_ACTIVITY:_
Using the records below, repeat exactly the lines from the one holding "Author: Kuba" through the one holding "line L0 (0, 0) -> (90, 0) projected", both ends included, and no others.

------ STUDY MATERIAL ------

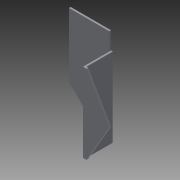
# Autodesk Inventor part: batt-logic support
Saved by Autodesk Inventor 2015 (Build 190159000, 159)
## iProperties
Created: 2015-05-04
Part Number: batt-logic support
Material: Ogólny
Document SubType Name: Modeling
Designer: Kuba
Density: 1 g/cm^3
Appearance: Domyślna
Author: Kuba
Autodesk Inventor part; units mm, degrees
ref_plane "YZ Plane" through (0, 0, 0) normal (1, 0, 0) x (0, 1, 0)
ref_plane "XZ Plane" through (0, 0, 0) normal (0, 1, 0) x (-1, 0, 0)
ref_plane "XY Plane" through (0, 0, 0) normal (0, 0, 1) x (1, 0, 0)
sketch "Szkic1" plane through (0, 0, 0) normal (0, 1, 0) x (-1, 0, 0)
  line L0 (5.9808, -45) -> (10, -45)
  line L1 (10, -45) -> (10, 45)
  line L2 (10, 45) -> (5.9808, 45)
  line L3 (-20, 0) -> (5.9808, -45)
  line L4 (-20, 0) -> (32.0016, 0) construction
  line L5 (-20, 0) -> (5.9808, 45)
  point P0 (0, 0)
  point P1 (-8.1854, 20.4635)
  dimension "d1" = 90
  dimension "d10" = 60
  dimension "d12" = 30
  constraints: 12 end point, 2 horizontal, 1 parallel, 1 perpendicular, 1 point on line, 1 symmetric about line
  measures "d1" distance of L1.end L0.end
  measures "d10" angle of L3 L4
  measures "d12" distance from line of L1 L3.start
extrude "Wyciągnięcie proste1" add sketch "Szkic1" along normal blind 2
sketch "Szkic2" plane through (0, 2, 0) normal (0, 1, 0) x (1, 0, 0)
  line L0 (-10, -45) -> (-8, -45)
  line L1 (-8, -45) -> (-8, 45)
  line L2 (-8, 45) -> (-10, 45)
  line L3 (-10, 45) -> (-10, -45)
  point P0 (0, 0)
  dimension "d4" = 2
  dimension "d13" = 90
  constraints: 8 end point, 2 parallel, 1 horizontal, 1 perpendicular
  measures "d4" distance of L2.end L1.end
  measures "d13" distance of L2.end L0.start
extrude "Wyciągnięcie proste2" add sketch "Szkic2" along normal blind 30
sketch "Szkic3" plane through (-10, 0, -45) normal (-1, 0, 0) x (0, 0, 1)
  line L0 (0, 0) -> (90, 0) projected
  line L1 (90, 0) -> (90, 32) projected
  line L2 (0, 32) -> (90, 32) projected
  line L3 (0, 0) -> (0, 32) projected
  line L4 (90, 0) -> (90, 32) projected
  line L5 (0, 32) -> (90, 32)
  line L6 (90, 32) -> (90, 30)
  line L7 (90, 30) -> (0, 30)
  line L8 (0, 30) -> (0, 32)
  point P0 (45, 0)
  dimension "d7" = 2
  constraints: 8 end point, 2 parallel, 1 horizontal, 1 perpendicular, 1 point on line
  measures "d7" distance of L5.end L6.end
extrude "Wyciągnięcie proste3" add sketch "Szkic3" along normal blind 46 contours L3 L2 L1 L7
sketch "Szkic5" plane through (-10, 0, 45) normal (0, 0, 1) x (1, 0, 0)
  line L0 (0, 0) -> (4.0192, 0) projected
  line L1 (4.0192, 0) -> (4.0192, 2) projected
  line L2 (2, 2) -> (4.0192, 2) projected
  line L3 (2, 2) -> (2, 32) projected
  line L4 (2, 32) -> (-46, 32) projected
  line L5 (-46, 30) -> (-46, 32) projected
  line L6 (0, 30) -> (-46, 30) projected
  line L7 (0, 0) -> (0, 30) projected
  line L8 (-46, 30) -> (0, 30)
  line L9 (0, 30) -> (0, 32)
  line L10 (0, 32) -> (-46, 32)
  line L11 (-46, 32) -> (-46, 30)
  point P0 (10, 0)
  constraints: 8 end point, 2 parallel, 1 horizontal, 1 perpendicular, 1 point on line
extrude "Wyciągnięcie proste4" add sketch "Szkic5" along normal blind 20 contours L6 L5 L4 L9
sketch "Szkic6" plane through (0, 32, 0) normal (0, 1, 0) x (1, 0, 0)
  line L0 (-21.5744, -0.5013) -> (-21.5744, 19.9987) projected
  line L1 (-21.5744, 19.9987) -> (-12.5744, 19.9987) projected
  line L2 (-12.5744, 19.9987) -> (-12.5744, -0.5013) projected
  line L3 (-12.5744, -0.5013) -> (-21.5744, -0.5013) projected
  line L4 (-54, -12.1531) -> (-54, 8.3469) projected
  line L5 (-54, 8.3469) -> (-45, 8.3469) projected
  line L6 (-45, 8.3469) -> (-45, -12.1531) projected
  line L7 (-45, -12.1531) -> (-54, -12.1531) projected
  line L8 (-34.4, 63.5) -> (-34.4, 54.5) projected
  line L9 (-34.4, 54.5) -> (-54.9, 54.5) projected
  line L10 (-54.9, 54.5) -> (-54.9, 63.5) projected
  line L11 (-54.9, 63.5) -> (-34.4, 63.5) projected
  line L12 (-11.9, 63.5) -> (-11.9, 54.5) projected
  line L13 (-11.9, 54.5) -> (-32.4, 54.5) projected
  line L14 (-32.4, 54.5) -> (-32.4, 63.5) projected
  line L15 (-32.4, 63.5) -> (-11.9, 63.5) projected
  line L16 (-34.4, 53.5) -> (-34.4, 44.5) projected
  line L17 (-34.4, 44.5) -> (-54.9, 44.5) projected
  line L18 (-54.9, 44.5) -> (-54.9, 53.5) projected
  line L19 (-54.9, 53.5) -> (-34.4, 53.5) projected
  line L20 (-43.9419, -12.1531) -> (-43.9419, 8.3469) projected
  line L21 (-43.9419, 8.3469) -> (-34.9419, 8.3469) projected
  line L22 (-34.9419, 8.3469) -> (-34.9419, -12.1531) projected
  line L23 (-34.9419, -12.1531) -> (-43.9419, -12.1531) projected
  line L24 (-54.9, 10.5996) -> (-54.9, 40.5996) projected
  line L25 (-54.9, 40.5996) -> (-45.9, 40.5996) projected
  line L26 (-45.9, 40.5996) -> (-45.9, 10.5996) projected
  line L27 (-45.9, 10.5996) -> (-54.9, 10.5996) projected
  circle A0 centre (-16.5, 38.7) radius 1.75 projected
  circle A1 centre (-52.5, -15.3) radius 1.75 projected
  line L28 (-56, -18.8) -> (-10.9, -18.8) projected
  line L29 (-10.9, -18.8) -> (-10.9, 64) projected
  line L30 (-10.9, 64) -> (-56, 64) projected
  line L31 (-56, 64) -> (-56, -18.8) projected
  line L32 (-13.2419, -57.532) -> (-13.2419, -63.753) projected
  line L33 (-13.2419, -63.753) -> (-24.9753, -63.753) projected
  line L34 (-24.9753, -63.753) -> (-24.9753, -57.532) projected
  line L35 (-24.9753, -57.532) -> (-13.2419, -57.532) projected
  line L36 (-18.0913, -22.7408) -> (-18.0913, -28.7314) projected
  line L37 (-18.0913, -28.7314) -> (-30.8017, -28.7314) projected
  line L38 (-30.8017, -28.7314) -> (-30.8017, -22.7408) projected
  line L39 (-30.8017, -22.7408) -> (-18.0913, -22.7408) projected
  line L40 (-13.25, -32.05) -> (-13.25, -55.05) projected
  line L41 (-13.25, -55.05) -> (-29.75, -55.05) projected
  line L42 (-29.75, -55.05) -> (-29.75, -32.05) projected
  line L43 (-29.75, -32.05) -> (-13.25, -32.05) projected
  circle A2 centre (-29, -58.3) radius 1.75 projected
  circle A3 centre (-14, -27.8) radius 1.75 projected
  line L44 (-11, -21.8) -> (-32, -21.8) projected
  line L45 (-32, -21.8) -> (-32, -65.3) projected
  line L46 (-32, -65.3) -> (-11, -65.3) projected
  line L47 (-11, -65.3) -> (-11, -21.8) projected
  line L48 (-35.1226, -33.0908) -> (-35.1226, -40.682) projected
  line L49 (-35.1226, -40.682) -> (-42.292, -40.682) projected
  line L50 (-42.292, -40.682) -> (-42.292, -33.0908) projected
  line L51 (-42.292, -33.0908) -> (-35.1226, -33.0908) projected
  circle A4 centre (-44.2426, -26.4485) radius 3.1458 projected
  line L52 (-51.2011, -28.5045) -> (-51.2011, -38.626) projected
  line L53 (-51.2011, -38.626) -> (-54.1533, -38.626) projected
  line L54 (-54.1533, -38.626) -> (-54.1533, -28.5045) projected
  line L55 (-54.1533, -28.5045) -> (-51.2011, -28.5045) projected
  circle A5 centre (-44.8428, -60.4259) radius 3.3835 projected
  line L56 (-52.6772, -52.7541) -> (-52.6772, -44.1613) projected
  line L57 (-52.6772, -44.1613) -> (-38.391, -44.1613) projected
  line L58 (-38.391, -44.1613) -> (-38.391, -52.7541) projected
  line L59 (-38.391, -52.7541) -> (-52.6772, -52.7541) projected
  circle A6 centre (-53, -58.3) radius 1.5 projected
  circle A7 centre (-38, -28.3) radius 1.5 projected
  line L60 (-35, -21.8) -> (-56, -21.8) projected
  line L61 (-56, -21.8) -> (-56, -65.3) projected
  line L62 (-56, -65.3) -> (-35, -65.3) projected
  line L63 (-35, -65.3) -> (-35, -21.8) projected
  point P0 (0, 0)
hole "Otwór1" at (-53, 32, 58.3) at (-38, 32, 28.3) at (-14, 32, 27.8) at (-29, 32, 58.3) at (-52.5, 32, 15.3) at (-16.5, 32, -38.7) direction (0, -1, 0) diameter 3.5 end through all

------

_RESULT:_
Author: Kuba
Autodesk Inventor part; units mm, degrees
ref_plane "YZ Plane" through (0, 0, 0) normal (1, 0, 0) x (0, 1, 0)
ref_plane "XZ Plane" through (0, 0, 0) normal (0, 1, 0) x (-1, 0, 0)
ref_plane "XY Plane" through (0, 0, 0) normal (0, 0, 1) x (1, 0, 0)
sketch "Szkic1" plane through (0, 0, 0) normal (0, 1, 0) x (-1, 0, 0)
  line L0 (5.9808, -45) -> (10, -45)
  line L1 (10, -45) -> (10, 45)
  line L2 (10, 45) -> (5.9808, 45)
  line L3 (-20, 0) -> (5.9808, -45)
  line L4 (-20, 0) -> (32.0016, 0) construction
  line L5 (-20, 0) -> (5.9808, 45)
  point P0 (0, 0)
  point P1 (-8.1854, 20.4635)
  dimension "d1" = 90
  dimension "d10" = 60
  dimension "d12" = 30
  constraints: 12 end point, 2 horizontal, 1 parallel, 1 perpendicular, 1 point on line, 1 symmetric about line
  measures "d1" distance of L1.end L0.end
  measures "d10" angle of L3 L4
  measures "d12" distance from line of L1 L3.start
extrude "Wyciągnięcie proste1" add sketch "Szkic1" along normal blind 2
sketch "Szkic2" plane through (0, 2, 0) normal (0, 1, 0) x (1, 0, 0)
  line L0 (-10, -45) -> (-8, -45)
  line L1 (-8, -45) -> (-8, 45)
  line L2 (-8, 45) -> (-10, 45)
  line L3 (-10, 45) -> (-10, -45)
  point P0 (0, 0)
  dimension "d4" = 2
  dimension "d13" = 90
  constraints: 8 end point, 2 parallel, 1 horizontal, 1 perpendicular
  measures "d4" distance of L2.end L1.end
  measures "d13" distance of L2.end L0.start
extrude "Wyciągnięcie proste2" add sketch "Szkic2" along normal blind 30
sketch "Szkic3" plane through (-10, 0, -45) normal (-1, 0, 0) x (0, 0, 1)
  line L0 (0, 0) -> (90, 0) projected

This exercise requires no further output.